What needs to be done:
Below are lines of data. Give the number of them that contain the string "FILLET", and nothing else.

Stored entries
======

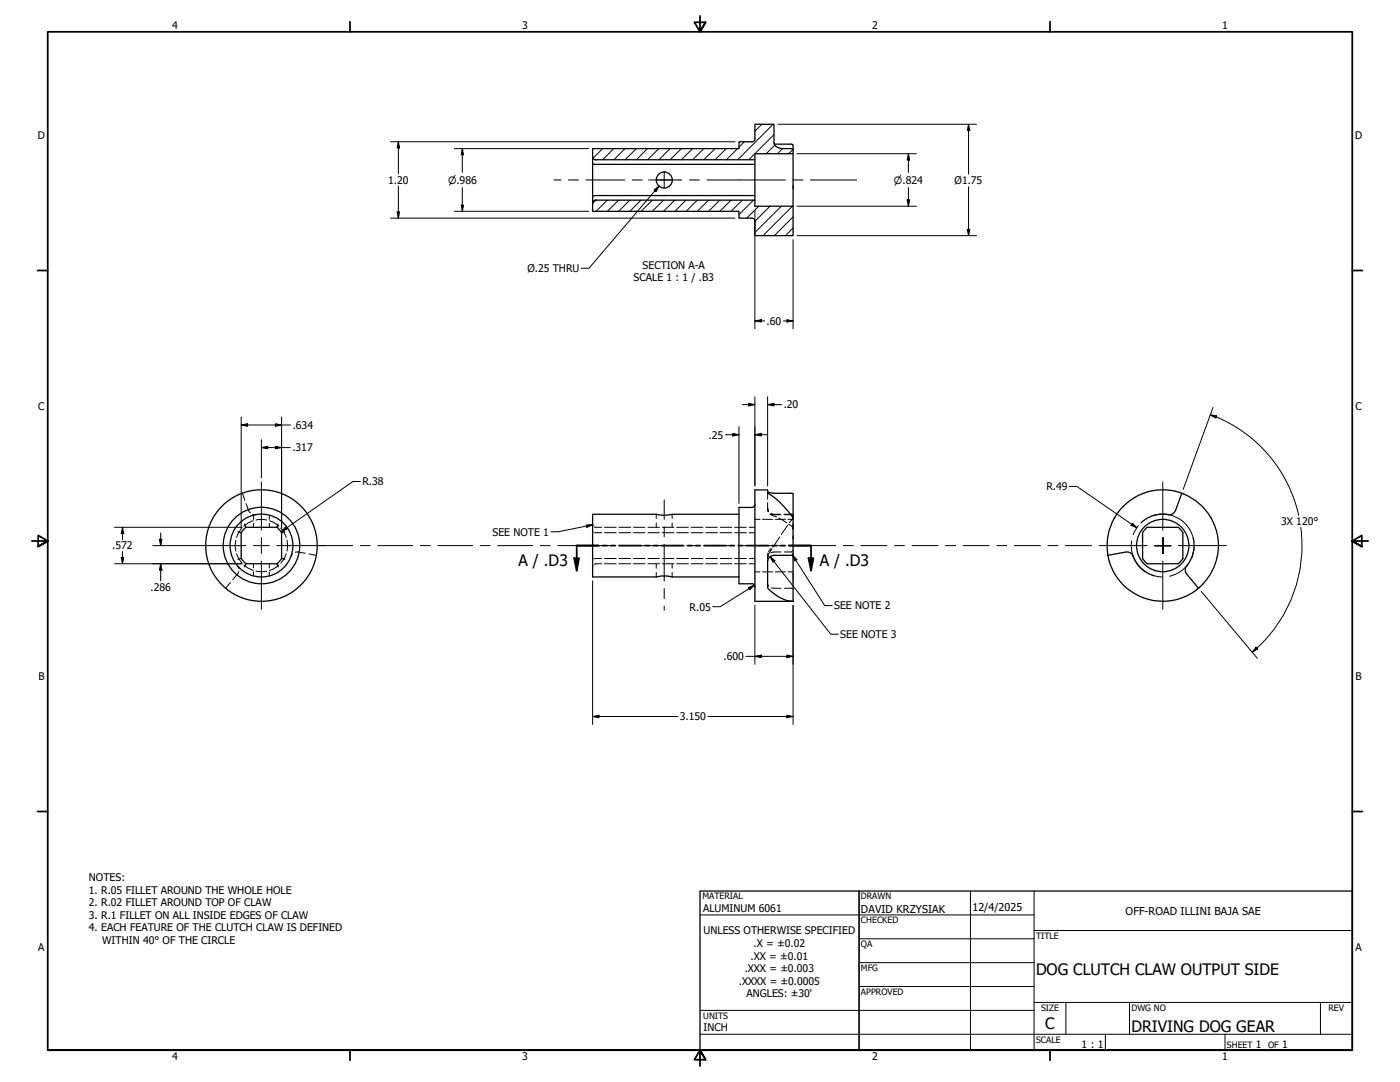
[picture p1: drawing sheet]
<svg xmlns="http://www.w3.org/2000/svg" width="559mm" height="432mm" viewBox="0 0 559 432" stroke-linecap="round" stroke-linejoin="round" font-family="sans-serif">
<!-- layer: Hatch (ANSI) -->
<g fill="none" stroke="#000" stroke-width=".4">
<path d="M240.5 59.3l-3.8 3.8M245 59.3l-4.5 4.5M249.5 59.3l-4.5 4.5M254 59.3l-4.5 4.5M258.4 59.3l-4.4 4.5M263 59.3l-4.5 4.5M267.5 59.3l-4.5 4.5M272 59.3l-4.5 4.5M276.4 59.3l-4.4 4.5M280.9 59.3l-4.4 4.5M285.4 59.3l-4.5 4.5M289.9 59.3l-4.5 4.5"/>
<path d="M294.4 59.3l-4.5 4.5M297.1 56.6l-2.1 2.1M304.1 49.6l-2.8 2.8M308.6 49.6l-14.2 14.2M308.9 53.7l-10 10.1M309.2 57.9l-3.4 3.4M312.4 59.3l-2.1 2M316.5 59.7l-1.7 1.6M237.9 79.9l-1.4 1.3M242.4 79.9l-4.5 4.4M246.9 79.9l-4.5 4.4M251.4 79.9l-4.5 4.4"/>
<path d="M255.8 79.9l-4.4 4.4M260.3 79.9l-4.4 4.4M264.9 79.9l-4.6 4.4M269.3 79.9l-4.4 4.4M273.8 79.9l-4.4 4.4M278.3 79.9l-4.4 4.4M282.8 79.9l-4.5 4.4M287.3 79.9l-4.5 4.4M291.8 79.9l-4.5 4.4M296.3 79.9l-4.5 4.4M300.7 79.9l-5.7 5.8M302.8 82.3l-4.7 4.8"/>
<path d="M307.3 82.3l-6 6M311.8 82.3l-10.5 10.5M316.3 82.3l-11.8 11.7M316.5 91l-2.9 3M316.5 86.6l-7.4 7.4"/>
</g>
<!-- layer: Hidden (ANSI) -->
<g fill="none" stroke="#000" stroke-width=".4">
<path d="M96.8 196.8l.9 2.8M306.4 196.6v2.7M94.2 215.6l-.3 1.1 .3 3.2M96.6 210.8l-1.5 2.1-.7 1.6M98.2 201l1.1 2.8 .6 .9M101 205.3l1.1 .1M101.1 207.8l-2 .9-1.8 1.3M101.2 205.6v1.7M101.2 208.9v1.5M102.2 207.5l2.6-.2 1.7 .2M107.5 205.6v1.7M107.5 208.9v1.5"/>
<path d="M107.6 207.8l1.1 .4 2.6 1.8M112.1 210.8l1.1 1.3 1 2.4M114.6 215.6l.2 2.1-.2 2.2M236.5 209.2l.2 .6M236.5 212.2l.4 .3M237.2 210.2l3 .2M237.4 212.6h2.8M241.3 210.4h4.6M241.3 212.6h4.6M247.1 210.4h4.6M247.1 212.6h4.6M252.9 210.4h4.5"/>
<path d="M252.9 212.6h4.5M258.6 210.4h4.6M258.6 212.6h4.6M261.9 205.2v1.7M261.9 208.7v1.7M264.4 210.4h4.6M264.4 212.6h4.6M268.3 205.2v1.7M268.3 208.7v1.7M270.1 210.4h4.7M270.1 212.6h4.7M275.9 210.4h4.6"/>
<path d="M275.9 212.6h4.6M281.7 210.4h4.6M281.7 212.6h4.6M287.5 210.4h4.6M287.5 212.6h4.6M293.2 210.4h4.7M293.2 212.6h4.7M299 210.4h2.3M299 212.6h2.3M301.3 207.3h2M304.4 207.3h4M306.4 202.7l.4 1.2"/>
<path d="M306.4 202.9l.4 1.3M306.4 200.6l.2 3.7M307.3 205.2l2.7 1.1M307.7 204.9l1.2 .3h2.7M307.7 205.1l1.2 .3h2.8M307.7 218.9l-.9 1.2M308.1 219.1l-1.5 2.3M308.9 217.7l-.5 .6M309.4 207.3h4.1M310.8 206.8l3.3 1.9M311.2 214.2l-2.5 3.9M312.9 205.2h2.6"/>
<path d="M313.1 205.4l3.1 .1M314.5 209.5l-2.7 3.8M314.5 207.3h2M314.8 209.2l1.6 1.3M316.4 205.8l.1 .3M316.5 206.4l-1.4 2.2M316.5 210.6v.2M316.5 219.6l-.1 .3M91.9 232.5l-1.9 2.3M94.4 221l.7 1.5 1.5 2.2M94.8 225.8l.5 1.1M95.3 228l-.5 1.1-1.9 2.2"/>
<path d="M97.3 225.5l1.8 1.3 2 .8M101.2 225v1.6M101.2 228.2v1.7M102.2 227.9l2.6 .3 1.7-.2M107.5 225v1.6M107.5 228.2v1.7M111.3 225.5l-2.6 1.8-1.1 .3M114.2 221l-1 2.4-1.1 1.3M116.8 221l-.7 .9M117.8 220.4l1.1-.1 3 .5M123.3 221l2.9 .6M236.7 225.6l-.2 .7"/>
<path d="M236.9 222.9l-.4 .3M237.4 222.9h2.8M240.2 225l-3 .2M241.3 222.9h4.6M241.3 225h4.6M247.1 222.9h4.6M247.1 225h4.6M252.9 222.9h4.5M252.9 225h4.5M258.6 222.9h4.6M258.6 225h4.6M261.9 225v1.8"/>
<path d="M261.9 228.5v1.8M264.4 222.9h4.6M264.4 225h4.6M268.3 225v1.8M268.3 228.5v1.8M270.1 222.9h4.7M270.1 225h4.7M275.9 222.9h4.6M275.9 225h4.6M281.7 222.9h4.6M281.7 225h4.6M287.5 222.9h4.6"/>
<path d="M287.5 225h4.6M293.2 222.9h4.7M293.2 225h4.7M299 222.9h2.3M299 225h2.3M301.3 228.2h2M304.4 228.2h4M306.4 233l.5 1M306.4 223.6v.5M306.5 221.9l-.1 1.3M306.5 220.7l-.1 1.1M306.8 221.6l-.4 1.2"/>
<path d="M307.8 234.6l3.9 .2M309.4 228.2h4.1M311.7 220.3h-2.8l-1.2 .4M313.1 234.8h3.1M314.5 228.2h2M316.2 220.2l-3.1 .1M316.4 234.9l.1 .2"/>
</g>
<g fill="#000">
<circle cx="308.2" cy="205.7" r=".19"/>
<circle cx="308.9" cy="217.7" r=".19"/>
<circle cx="316.4" cy="210.3" r=".19"/>
<circle cx="316.5" cy="210.5" r=".19"/>
<circle cx="306.4" cy="221.4" r=".19"/>
</g>
<!-- layer: Visible (ANSI) -->
<g fill="none" stroke="#000" stroke-width=".51">
<path d="M300 56.6h-5v2.7h-58.5v3.2M301.3 55.3v-5.7h7.6l.2 7.9a3.1 3.1 0 0 0 3.4 1.8h3.4l.6 .6M301.4 55.3l-.3 .8-1 .5M309.1 57.5l7.3 .2 .1 3.6h-15.2v2.5h-63.5M236.5 62.5v18.7M236.5 65.2l.9 .4h63.9M236.5 62.5l.3 .8 1 .5M237.8 79.9h63.5v2.4h15.2v11.7h-15.2l-.2-6.4-1-.5h-5.1v-2.8h-58.5v-3.1M237.8 79.8l-.7 .3-.6 1M301.3 63.8v16.1M301.3 78h-63.9l-.9 .5M316.5 61.3v21"/>
<path d="M306.4 196.1a3.1 3.1 0 0 0 2.5 .7l7.6 .2v9.8M471.7 196.8l-2.5 7M95 212.2l1.3 .4v10.3l-1.3 .3M97.7 209.2l.5 1.2M98.2 210.4l-1.9 2.2M98.2 210.4h12.4M110.6 210.4l1.8 2.2M111 209.2l-.4 1.2M113.7 212.2l-1.3 .4v10.3l1.3 .3M295 205.2h-26.7a13.4 13.4 0 0 1-6.4 0h-25.4v25.1h25.4a13.4 13.4 0 0 1 6.4 0h26.7M301.4 201.2l-.3 .8-.6 .4-5.5 .1v30.5h5M315.5 205.2l.7 .1 .3 .5"/>
<path d="M316.5 209.1l-.1 2.1M316.5 213.9v1M456 212.6l1.9-2.2h12.4l1.9 2.2M456.1 212.6v10.3M469.1 203.8l-.6 .9-1 .6a17.2 17.2 0 0 0-8.5 .9l-3.6 2.4M472.1 212.6v10.3M476.3 214.8a12.5 12.5 0 0 1-2.6 11M96.3 222.8l1.9 2.2M98.2 225l-.5 1.3M98.2 225h12.4M110.6 225l.4 1.3M112.4 222.8l-1.8 2.2"/>
<path d="M300.1 232.9l.7 .3 .6 1M316.5 221l-.6 .6h-7a2.49 2.49 0 0 0-2.5 2.5v10.2a13 13 0 0 0 6.5 4.9l3.6 .8M316.5 221v-14.2a36.1 36.1 0 0 0-10.1-10.2v-1.1h-5.1v44.5h15.2M316.5 221v19M442.1 221l.7 3.1M442.1 220.9a22.2 22.2 0 0 1 22.7-25.4 22.2 22.2 0 0 1 21 26.8M442.8 224.1a22.3 22.3 0 0 0 35.1 11.1M449.5 220.3l-7.3 1.3M449.5 220.3l1.2 .1 .9 .6a17.4 17.4 0 0 0 5.1 6.8l3.8 1.9M456 222.8l1.9 2.2h12.4l1.9-2.2M473.7 225.9l-.6 1 .2 1.7 5.1 6.2M480.3 233l-2.4 2.1"/>
<path d="M485.8 222.3a22.2 22.2 0 0 1-5.6 10.7"/>
<circle cx="265.1" cy="71.9" r="3.2"/>
<circle cx="104.4" cy="217.7" r="22.3"/>
<circle cx="104.4" cy="217.7" r="12.5"/>
<circle cx="104.4" cy="217.7" r="15.3"/>
<circle cx="464.1" cy="217.7" r="10.4"/>
</g>
<!-- layer: Section Line (ANSI) -->
<g fill="none" stroke="#000" stroke-width=".7">
<path d="M239 217.7h-8.8v10M240.5 217.7h1.8M243.8 217.7h1.8M247.1 217.7h8.9M257.4 217.7h1.9M260.7 217.7h1.9M264 217.7h8.9M274.4 217.7h1.8M277.7 217.7h1.8M281 217.7h8.8M291.3 217.7h1.8M294.6 217.7h1.8"/>
<path d="M297.9 217.7h8.9M308.2 217.7h1.9M311.5 217.7h1.9M314.8 217.7h8.9v10M229.2 222.8h1.9l-.9 4.9zM322.7 222.8h2l-1 4.9z"/>
</g>
<path d="M229.2 222.8h1.9l-.9 4.9zM322.7 222.8h2l-1 4.9z" fill="#000"/>
<!-- layer: Border (ANSI) -->
<g fill="none" stroke="#000" stroke-width=".7">
<path d="M139.7 8.6v4.1M279.4 6.3v6.4l-2.2-3.8h4.4l-2.2 3.8 2.2-3.8M419.1 8.6v4.1M15 107.9h4M539.8 107.9h4M12.7 215.9h6.3l-3.8-2.2v4.4l3.8-2.2-3.8 2.2M546.1 215.9h-6.3l3.8-2.2v4.4l-3.8-2.2 3.8 2.2M15 323.8h4M539.8 323.8h4M19 419.1v-406.4h520.8v406.4h-520.8h520.8M139.7 419.1v4.1M419.1 419.1v4.1"/>
<path d="M281.6 422.9l-2.2-3.8 2.2 3.8h-4.4l2.2-3.8v6.3"/>
</g>
<!-- layer: Title (ANSI) -->
<g fill="none" stroke="#000" stroke-width=".4">
<path d="M387.3 355.6v63.5M412.7 355.6v63.5M342.9 365.1h69.8M342.9 374.6h69.8M412.7 371.3h127.1M342.9 384.2h69.8M342.9 393.7h69.8M342.9 412.7h196.9M342.9 403.2h69.8M412.7 400h127.1M425.4 400v12.7M441.2 412.7v6.4"/>
<path d="M450.8 400v12.7M488.9 412.7v6.4M527 400v12.7"/>
</g>
<path d="M342.9 355.6h196.9v63.5h-196.9z" fill="none" stroke="#000" stroke-width=".51"/>
<!-- layer: Sketch Geometry (ANSI) -->
<path d="M342.9 355.6v63.5h-63.5M279.4 365.1h63.5M279.4 412.7h63.5M279.4 403.2h63.5" fill="none" stroke="#000" stroke-width=".4"/>
<path d="M342.9 355.6h-63.5v63.5" fill="none" stroke="#000" stroke-width=".51"/>
<!-- layer: Center Mark (ANSI) -->
<g fill="none" stroke="#000" stroke-width=".4">
<path d="M258.8 71.8h.2M261.9 71.8h6.4M265.1 65.5v.2M265.1 68.6v6.4M265.1 78v.2M271.3 71.8h.2M104.3 192.3v19.3M464.1 192.3v19.3M78.9 217.7h19.3M101.2 217.7h6.3M104.3 214.6v6.3M110.5 217.7h19.2"/>
<path d="M438.7 217.7h19.2M460.9 217.7h6.4M464.1 214.6v6.3M464.1 214.6v3.1h-3.2M467.3 217.7h-3.2v3.2M470.3 217.7h19.2M104.3 223.9v19.2M464.1 223.9v19.2"/>
</g>
<!-- layer: Centerline (ANSI) -->
<g fill="none" stroke="#000" stroke-width=".4">
<path d="M221.1 71.8h2.8M226.9 71.8h4M233.9 71.8h15.5M252.3 71.8h4M259.3 71.8h12.9M275.2 71.8h3.9M282.2 71.8h31.3M316.5 71.8h4M323.5 71.8h18.4M265.1 199.5v7.8M126.9 217.7h13.9M143.8 217.7h4"/>
<path d="M150.8 217.7h13.9M167.8 217.7h3.9M174.8 217.7h13.9M191.7 217.7h3.9M198.7 217.7h13.9M215.6 217.7h4M222.6 217.7h21.7M247.3 217.7h4M254.3 217.7h18.1M265.1 210.2v4M265.1 217.2v14.7M275.4 217.7h4"/>
<path d="M282.4 217.7h10.4M295.8 217.7h4M302.8 217.7h10.4M316.2 217.7h4M323.2 217.7h10.4M336.6 217.7h4M343.6 217.7h10.4M357.1 217.7h3.9M364 217.7h10.5M377.4 217.7h4M384.4 217.7h10.4M397.9 217.7h3.9"/>
<path d="M404.9 217.7h10.4M418.3 217.7h4M425.3 217.7h10.4M451.7 215.8a12.5 12.5 0 0 0 5.5 12.4M460.2 205.8a12.5 12.5 0 0 1 16.3 9.8M476.6 218.6l-.9 3.9M265.1 234.9v4M459.9 229.5l3.9 .7M474.2 225.1a12.5 12.5 0 0 1-7.4 4.9M265.1 241.9v1.7"/>
</g>
<!-- layer: Dimension (ANSI) -->
<g fill="none" stroke="#000" stroke-width=".4">
<path d="M155.8 56.6h137.6M159 56.6l.5 2.5h-1zM159 56.6v12.8M181.4 59.3h53.5M184.5 59.3l.5 2.5h-.9zM184.5 59.3v9.5M310.5 49.6h79.3M386.6 49.6l.5 2.5h-1zM386.6 49.6v19.9M159 74.2v12.9M184.5 74.9v9.4M261 75.8l2.1-1.6-1.3 2.3z"/>
<path d="M263.1 74.2l-28 32.9h-3.1M318.1 61.3h47.7M362.1 79.8h1l-.5 2.5zM362.6 61.3l.5 2.6h-1zM362.6 61.3v7.5M362.6 74.9v7.4M386.6 74.5v19.5M155.8 87.1h137.6M158.5 84.6h1l-.5 2.5zM181.4 84.3h53.5M184.1 81.9h.9l-.5 2.4zM301.3 83.9v47.4"/>
<path d="M316.5 95.6v35.7M318.1 94h71.7M318.1 82.3h47.7M386.1 91.6h1l-.5 2.4zM301.3 128.1l2.5-.5v.9zM301.3 128.1h3.9M312.7 128.1h3.8M314.1 127.6l2.4 .5-2.4 .4zM301.3 158.3v35.6M306.4 158.3v35.6M96.3 169.6l2.5-.5v1zM96.3 169.6h19.7"/>
<path d="M96.3 166.4v44.6M104.3 178.6l2.6-.5v1zM104.3 178.6h11.6M104.3 175.5v15.3M109.9 169.1l2.5 .5-2.5 .5zM109.9 178.1l2.5 .5-2.5 .5zM112.4 166.4v44.5M289.6 173.5h5.4M292.5 173l2.5 .5-2.5 .5zM295 170.3v30.6M296.4 161.5h4.9M298.8 161l2.5 .5-2.5 .5z"/>
<path d="M301.3 173.5l2.5-.5v1zM301.3 173.5h5M306.4 161.5l2.5-.5v1zM306.4 161.5h5.6M483.1 165.5l2.5 .5-.3 .9zM483.1 165.5l2.4 .9M484.2 162.6l-12 32.7M485.4 166.4a55.6 55.6 0 0 1 33 39.3M143.8 192.2h-3l-28.7 20.1M426.8 194.1h3l24 16.5M45.7 210.4h50.9M48.9 210.4l.5 2.6h-1z"/>
<path d="M48.9 210.4v4.9M61 217.7h17.9M63.6 215.2h1l-.5 2.5zM64.1 212.7v5M113.9 210.4l.6 .8-2.4 1.1zM234.1 209.5l2.5-.1-2.3 1zM236.6 209.4l-13.7 2.8h-3M452 208.8l1.8 1.8-2.4-1zM454.4 209.8l-2.1 3.6M519.2 210.4a55.5 55.5 0 0 1-19.4 49.9M45.7 225h50.9M48.4 222.5h1l-.5 2.5z"/>
<path d="M48.9 220.1v4.9M64.1 225l.5 2.5h-1zM64.1 225v6.8M236.5 231.8v57.3M298.8 234.4l2.3-.8-1.8 1.7zM301.1 233.6l-13.6 8.5h-3M307.4 222.1l1.9 1.7-.8 .6zM307.4 222.1l24.2 31h3M316.3 221.5l1.8 1.8-.9 .5zM316.3 221.5l12.9 20.2h3M479.4 236l22.4 26.7M301.3 241.6v23.5"/>
<path d="M316.5 241.6v47.5M501.3 258.3l.7 .7-2.2 1.3zM297.7 261.9h18.8M301.3 261.9l2.5-.5v1zM314.1 261.4l2.4 .5-2.4 .5zM236.5 285.9l2.6-.5v1zM236.5 285.9h34.1M282.6 285.9h33.9M314.1 285.4l2.4 .5-2.4 .5z"/>
</g>
<g fill="#000">
<path d="M159 56.6l.5 2.5h-1zM386.6 49.6l.5 2.5h-1zM184.5 59.3l.5 2.5h-.9zM261 75.8l2.1-1.6-1.3 2.3zM362.1 79.8h1l-.5 2.5zM362.6 61.3l.5 2.6h-1zM158.5 84.6h1l-.5 2.5zM184.1 81.9h.9l-.5 2.4zM386.1 91.6h1l-.5 2.4zM301.3 128.1l2.5-.5v.9zM314.1 127.6l2.4 .5-2.4 .4zM96.3 169.6l2.5-.5v1z"/>
<path d="M104.3 178.6l2.6-.5v1zM109.9 169.1l2.5 .5-2.5 .5zM109.9 178.1l2.5 .5-2.5 .5zM292.5 173l2.5 .5-2.5 .5zM298.8 161l2.5 .5-2.5 .5zM301.3 173.5l2.5-.5v1zM306.4 161.5l2.5-.5v1zM483.1 165.5l2.5 .5-.3 .9zM48.9 210.4l.5 2.6h-1zM63.6 215.2h1l-.5 2.5zM113.9 210.4l.6 .8-2.4 1.1zM234.1 209.5l2.5-.1-2.3 1z"/>
<path d="M452 208.8l1.8 1.8-2.4-1zM48.4 222.5h1l-.5 2.5zM64.1 225l.5 2.5h-1zM298.8 234.4l2.3-.8-1.8 1.7zM307.4 222.1l1.9 1.7-.8 .6zM316.3 221.5l1.8 1.8-.9 .5zM501.3 258.3l.7 .7-2.2 1.3zM301.3 261.9l2.5-.5v1zM314.1 261.4l2.4 .5-2.4 .5zM236.5 285.9l2.6-.5v1zM314.1 285.4l2.4 .5-2.4 .5z"/>
</g>
<g font-size="6.3">
<text x="206.9" y="226">A / .D3</text>
<text x="327.2" y="226">A / .D3</text>
<text x="413.5" y="389.1">DOG CLUTCH CLAW OUTPUT SIDE</text>
<text x="417.2" y="410.6">C</text>
<text x="451.6" y="411.9">DRIVING DOG GEAR</text>
</g>
<g font-size="4.3">
<text x="343.7" y="364.3">DAVID KRZYSIAK</text>
<text x="388.1" y="363.7">12/4/2025</text>
<text x="449.3" y="365.1">OFF-ROAD ILLINI BAJA SAE</text>
</g>
<g font-size="4.2">
<text x="68.7" y="11.7">4</text>
<text x="208.4" y="11.7">3</text>
<text x="348.1" y="11.7">2</text>
<text x="487.8" y="11.7">1</text>
<text x="15.1" y="55.5">D</text>
<text x="540.9" y="55.5">D</text>
<text x="154.9" y="73.3">1.20</text>
<text x="381" y="73.5">Ø1.75</text>
<text x="256.5" y="107.3">SECTION A-A</text>
<text x="210.5" y="108.6">Ø.25 THRU</text>
<text x="252.9" y="112.3">SCALE 1 : 1 / .B3</text>
<text x="306" y="129.6">.60</text>
<text x="15.2" y="163.4">C</text>
<text x="312.8" y="163">.20</text>
<text x="541" y="163.4">C</text>
<text x="116.8" y="171.1">.634</text>
<text x="282.9" y="175">.25</text>
<text x="116.7" y="180.1">.317</text>
<text x="144.7" y="193.7">R.38</text>
<text x="417.6" y="195.7">R.49</text>
<text x="511.4" y="209.6">3X 120°</text>
<text x="196.6" y="213.7">SEE NOTE 1</text>
<text x="44.8" y="219.3">.572</text>
<text x="60.1" y="235.8">.286</text>
<text x="275.3" y="243.6">R.05</text>
<text x="333" y="243.2">SEE NOTE 2</text>
<text x="335.4" y="254.6">SEE NOTE 3</text>
<text x="288.8" y="263.5">.600</text>
<text x="15.3" y="271.4">B</text>
<text x="541.1" y="271.4">B</text>
<text x="271.3" y="287.5">3.150</text>
<text x="35.5" y="351.6">NOTES:</text>
<text x="35.5" y="356.6">1. R.05 FILLET AROUND THE WHOLE HOLE</text>
<text x="35.5" y="361.6">2. R.02 FILLET AROUND TOP OF CLAW</text>
<text x="280.7" y="363.9">ALUMINUM 6061</text>
<text x="35.5" y="366.6">3. R.1 FILLET ON ALL INSIDE EDGES OF CLAW</text>
<text x="35.5" y="371.7">4. EACH FEATURE OF THE CLUTCH CLAW IS DEFINED</text>
<text x="40.8" y="376.7">WITHIN 40° OF THE CIRCLE</text>
<text x="280.8" y="372.9">UNLESS OTHERWISE SPECIFIED</text>
<text x="300.8" y="378">.X = ±0.02</text>
<text x="15.2" y="379.3">A</text>
<text x="299.6" y="383">.XX = ±0.01</text>
<text x="541" y="379.3">A</text>
<text x="297.2" y="388">.XXX = ±0.003</text>
<text x="294.9" y="393">.XXXX = ±0.0005</text>
<text x="298" y="398">ANGLES: ±30'</text>
<text x="280.9" y="411.3">INCH</text>
<text x="431.7" y="418.3">1 : 1</text>
<text x="501.3" y="418.3">1</text>
<text x="511.8" y="418.3">1</text>
<text x="68.7" y="423.2">4</text>
<text x="208.4" y="423.2">3</text>
<text x="348.1" y="423.2">2</text>
<text x="487.8" y="423.2">1</text>
</g>
<g font-size="3.9">
<text x="178.8" y="73.3">⌀.986</text>
<text x="356.8" y="73.3">⌀.824</text>
</g>
<g font-size="3.5">
<text x="280.4" y="359">MATERIAL</text>
<text x="343.7" y="358.9">DRAWN</text>
<text x="343.7" y="368.5">CHECKED</text>
<text x="413.5" y="374.6">TITLE</text>
<text x="343.7" y="378">QA</text>
<text x="343.7" y="387.5">MFG</text>
<text x="343.7" y="397.1">APPROVED</text>
<text x="280.7" y="406.8">UNITS</text>
<text x="415.5" y="403.4">SIZE</text>
<text x="451.6" y="403.4">DWG NO</text>
<text x="530.3" y="403.4">REV</text>
<text x="413.5" y="416.1">SCALE</text>
<text x="489.7" y="418.3">SHEET</text>
<text x="506.2" y="418.3">OF</text>
</g>
</svg>

======

Response to this exercise:
3